Thanks Jackie, i'm 99.9% sure it's allergy related. I went out and got the Zyrtec and Genteal drops to see if that helps since we have to wait until Tuesday.


----------



## dwerten (Oct 6, 2007)

yes zyrtec has been working great for many dogs on allergy group as well as better than benedryl. 

I went to an opthamologist with dex to have him checked for dry eye due to allergies and she said do not use saline solution all the time as it will mess up the natural tear production in the eye if you do this all the time so be careful as she said only to do it when the santa ana's kicked up out here in california but to wash around the eyes with a warm wash cloth to clean eyes. This may be the problem by over using the drops  it is causing the eye to produce more 


QUOTE (JMM @ Jun 26 2009, 02:13 PM) index.php?act=findpost&pid=797215


> If its allergy related, you might try a different antihistamine. I've been using Zyrtec with great success. Instead of flushing, put the solution on a cotton ball and clean around the eyes and use a soothing tear drop (like Genteal drops). Sometimes that helps as well.[/B]


----------



## mysugarbears (Aug 13, 2007)

QUOTE (dwerten @ Jun 26 2009, 04:57 PM) index.php?act=findpost&pid=797256


> yes zyrtec has been working great for many dogs on allergy group as well as better than benedryl.
> 
> I went to an opthamologist with dex to have him checked for dry eye due to allergies and she said do not use saline solution all the time as it will mess up the natural tear production in the eye if you do this all the time so be careful as she said only to do it when the santa ana's kicked up out here in california but to wash around the eyes with a warm wash cloth to clean eyes. This may be the problem by over using the drops  it is causing the eye to produce more
> 
> ...





> If its allergy related, you might try a different antihistamine. I've been using Zyrtec with great success. Instead of flushing, put the solution on a cotton ball and clean around the eyes and use a soothing tear drop (like Genteal drops). Sometimes that helps as well.[/B]


[/B][/QUOTE]


Thank you, that makes alot of sense. I'm just going to was around the eyes instead of rinsing. How much Zyrtec do you give? So now i'm going to use the Genteal drops to relubricate their eyes since i may have over used the Fresh Eyes in rinsing.  I feel so bad that i may have caused their tearing to get worse by rinsing their eyes because of allergies.


----------



## dwerten (Oct 6, 2007)

i would be cautious with what you are putting into the eyes  and messing with natural production - if they do not have dry eye or infection i would not be putting things in the eye just my opinion  I chose not to and just use a warm wash cloth and clean around his eyes every day with a flea comb and keep the gunkies out. If it is an eye infection and green then use meds or if they have dry eye then they need cyclosporine drops and if you are real concerned about it then i would see an opthamologist. The eyes are nothing to mess with and why i went straight to opthamologist when i had an issue with dex -- i spent $160 but she spent an hour with us and looked him all over and said he is perfectly healthy and less is more so i felt much better leaving there knowing he was healthy and i was doing what is safe. 

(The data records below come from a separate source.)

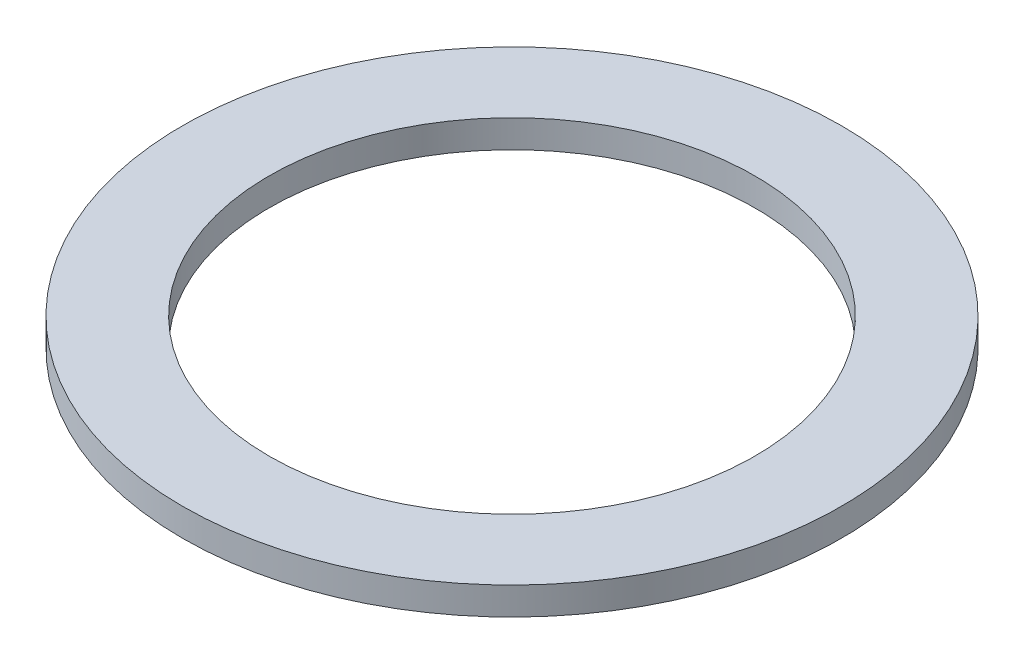
ISO-10303-21;
HEADER;
FILE_DESCRIPTION(('STEP AP214'),'2;1');
FILE_NAME('part.step','',(''),(''),'','','');
FILE_SCHEMA(('AUTOMOTIVE_DESIGN { 1 0 10303 214 1 1 1 1 }'));
ENDSEC;
DATA;
#1=APPLICATION_CONTEXT('core data for automotive mechanical design processes');
#2=APPLICATION_PROTOCOL_DEFINITION('international standard','automotive_design',2000,#1);
#3=PRODUCT_CONTEXT('',#1,'mechanical');
#4=PRODUCT('Part','Part','',(#3));
#5=PRODUCT_RELATED_PRODUCT_CATEGORY('part','',(#4));
#6=PRODUCT_DEFINITION_FORMATION('','',#4);
#7=PRODUCT_DEFINITION_CONTEXT('part definition',#1,'design');
#8=PRODUCT_DEFINITION('design','',#6,#7);
#9=PRODUCT_DEFINITION_SHAPE('','',#8);
#10=(LENGTH_UNIT() NAMED_UNIT(*) SI_UNIT(.MILLI.,.METRE.));
#11=(NAMED_UNIT(*) PLANE_ANGLE_UNIT() SI_UNIT($,.RADIAN.));
#12=(NAMED_UNIT(*) SI_UNIT($,.STERADIAN.) SOLID_ANGLE_UNIT());
#13=UNCERTAINTY_MEASURE_WITH_UNIT(LENGTH_MEASURE(1.E-05),#10,'distance_accuracy_value','');
#14=(GEOMETRIC_REPRESENTATION_CONTEXT(3) GLOBAL_UNCERTAINTY_ASSIGNED_CONTEXT((#13)) GLOBAL_UNIT_ASSIGNED_CONTEXT((#10,
#11,#12)) REPRESENTATION_CONTEXT('',''));
#15=CARTESIAN_POINT('',(0.,0.,0.));
#16=DIRECTION('',(0.,0.,1.));
#17=DIRECTION('',(1.,0.,0.));
#18=AXIS2_PLACEMENT_3D('',#15,#16,#17);
#19=CARTESIAN_POINT('',(0.,4.,0.));
#20=DIRECTION('',(0.,1.,0.));
#21=DIRECTION('',(0.,0.,1.));
#22=AXIS2_PLACEMENT_3D('',#19,#20,#21);
#23=PLANE('',#22);
#24=CARTESIAN_POINT('',(0.,4.,0.));
#25=DIRECTION('',(0.,1.,0.));
#26=DIRECTION('',(0.,0.,1.));
#27=AXIS2_PLACEMENT_3D('',#24,#25,#26);
#28=CIRCLE('',#27,47.5);
#29=CARTESIAN_POINT('',(0.,4.,47.5));
#30=VERTEX_POINT('',#29);
#31=EDGE_CURVE('E10',#30,#30,#28,.T.);
#32=ORIENTED_EDGE('',*,*,#31,.T.);
#33=EDGE_LOOP('',(#32));
#34=FACE_BOUND('',#33,.T.);
#35=CARTESIAN_POINT('',(0.,4.,0.));
#36=DIRECTION('',(0.,1.,0.));
#37=DIRECTION('',(0.,0.,1.));
#38=AXIS2_PLACEMENT_3D('',#35,#36,#37);
#39=CIRCLE('',#38,35.);
#40=CARTESIAN_POINT('',(0.,4.,35.));
#41=VERTEX_POINT('',#40);
#42=EDGE_CURVE('E43',#41,#41,#39,.T.);
#43=ORIENTED_EDGE('',*,*,#42,.F.);
#44=EDGE_LOOP('',(#43));
#45=FACE_BOUND('',#44,.T.);
#46=ADVANCED_FACE('F32',(#34,#45),#23,.T.);
#47=CARTESIAN_POINT('',(0.,0.,0.));
#48=DIRECTION('',(0.,1.,0.));
#49=DIRECTION('',(0.,0.,1.));
#50=AXIS2_PLACEMENT_3D('',#47,#48,#49);
#51=PLANE('',#50);
#52=CARTESIAN_POINT('',(0.,0.,0.));
#53=DIRECTION('',(0.,1.,0.));
#54=DIRECTION('',(0.,0.,1.));
#55=AXIS2_PLACEMENT_3D('',#52,#53,#54);
#56=CIRCLE('',#55,47.5);
#57=CARTESIAN_POINT('',(0.,0.,47.5));
#58=VERTEX_POINT('',#57);
#59=EDGE_CURVE('E36',#58,#58,#56,.T.);
#60=ORIENTED_EDGE('',*,*,#59,.F.);
#61=EDGE_LOOP('',(#60));
#62=FACE_BOUND('',#61,.T.);
#63=CARTESIAN_POINT('',(0.,0.,0.));
#64=DIRECTION('',(0.,1.,0.));
#65=DIRECTION('',(0.,0.,1.));
#66=AXIS2_PLACEMENT_3D('',#63,#64,#65);
#67=CIRCLE('',#66,35.);
#68=CARTESIAN_POINT('',(0.,0.,35.));
#69=VERTEX_POINT('',#68);
#70=EDGE_CURVE('E45',#69,#69,#67,.T.);
#71=ORIENTED_EDGE('',*,*,#70,.T.);
#72=EDGE_LOOP('',(#71));
#73=FACE_BOUND('',#72,.T.);
#74=ADVANCED_FACE('F55',(#62,#73),#51,.F.);
#75=CARTESIAN_POINT('',(0.,4.,0.));
#76=DIRECTION('',(0.,-1.,0.));
#77=DIRECTION('',(0.,0.,-1.));
#78=AXIS2_PLACEMENT_3D('',#75,#76,#77);
#79=CYLINDRICAL_SURFACE('',#78,47.5);
#80=ORIENTED_EDGE('',*,*,#31,.F.);
#81=EDGE_LOOP('',(#80));
#82=FACE_BOUND('',#81,.T.);
#83=ORIENTED_EDGE('',*,*,#59,.T.);
#84=EDGE_LOOP('',(#83));
#85=FACE_BOUND('',#84,.T.);
#86=ADVANCED_FACE('F34',(#82,#85),#79,.T.);
#87=CARTESIAN_POINT('',(0.,4.,0.));
#88=DIRECTION('',(0.,-1.,0.));
#89=DIRECTION('',(0.,0.,-1.));
#90=AXIS2_PLACEMENT_3D('',#87,#88,#89);
#91=CYLINDRICAL_SURFACE('',#90,35.);
#92=ORIENTED_EDGE('',*,*,#42,.T.);
#93=EDGE_LOOP('',(#92));
#94=FACE_BOUND('',#93,.T.);
#95=ORIENTED_EDGE('',*,*,#70,.F.);
#96=EDGE_LOOP('',(#95));
#97=FACE_BOUND('',#96,.T.);
#98=ADVANCED_FACE('F51',(#94,#97),#91,.F.);
#99=CLOSED_SHELL('',(#46,#74,#86,#98));
#100=MANIFOLD_SOLID_BREP('B2',#99);
#101=ADVANCED_BREP_SHAPE_REPRESENTATION('',(#18,#100),#14);
#102=SHAPE_DEFINITION_REPRESENTATION(#9,#101);
ENDSEC;
END-ISO-10303-21;

I will let jackie give you the zyrtec doseage as i know benedryl is 1mg per pound but i would call vet to get the doseage - I just had an issue with benedryl when dd had hives last week and she was a spaz on the benedryl when the hives were gone she was still spazzing and found out that some people and dogs it amps them up and some people and dogs it sedates them - it amped my girl up and my own internal medicine specialist told me not to use benedryl for myself as too many side effects so I am steering clear of that antihistamine after that. 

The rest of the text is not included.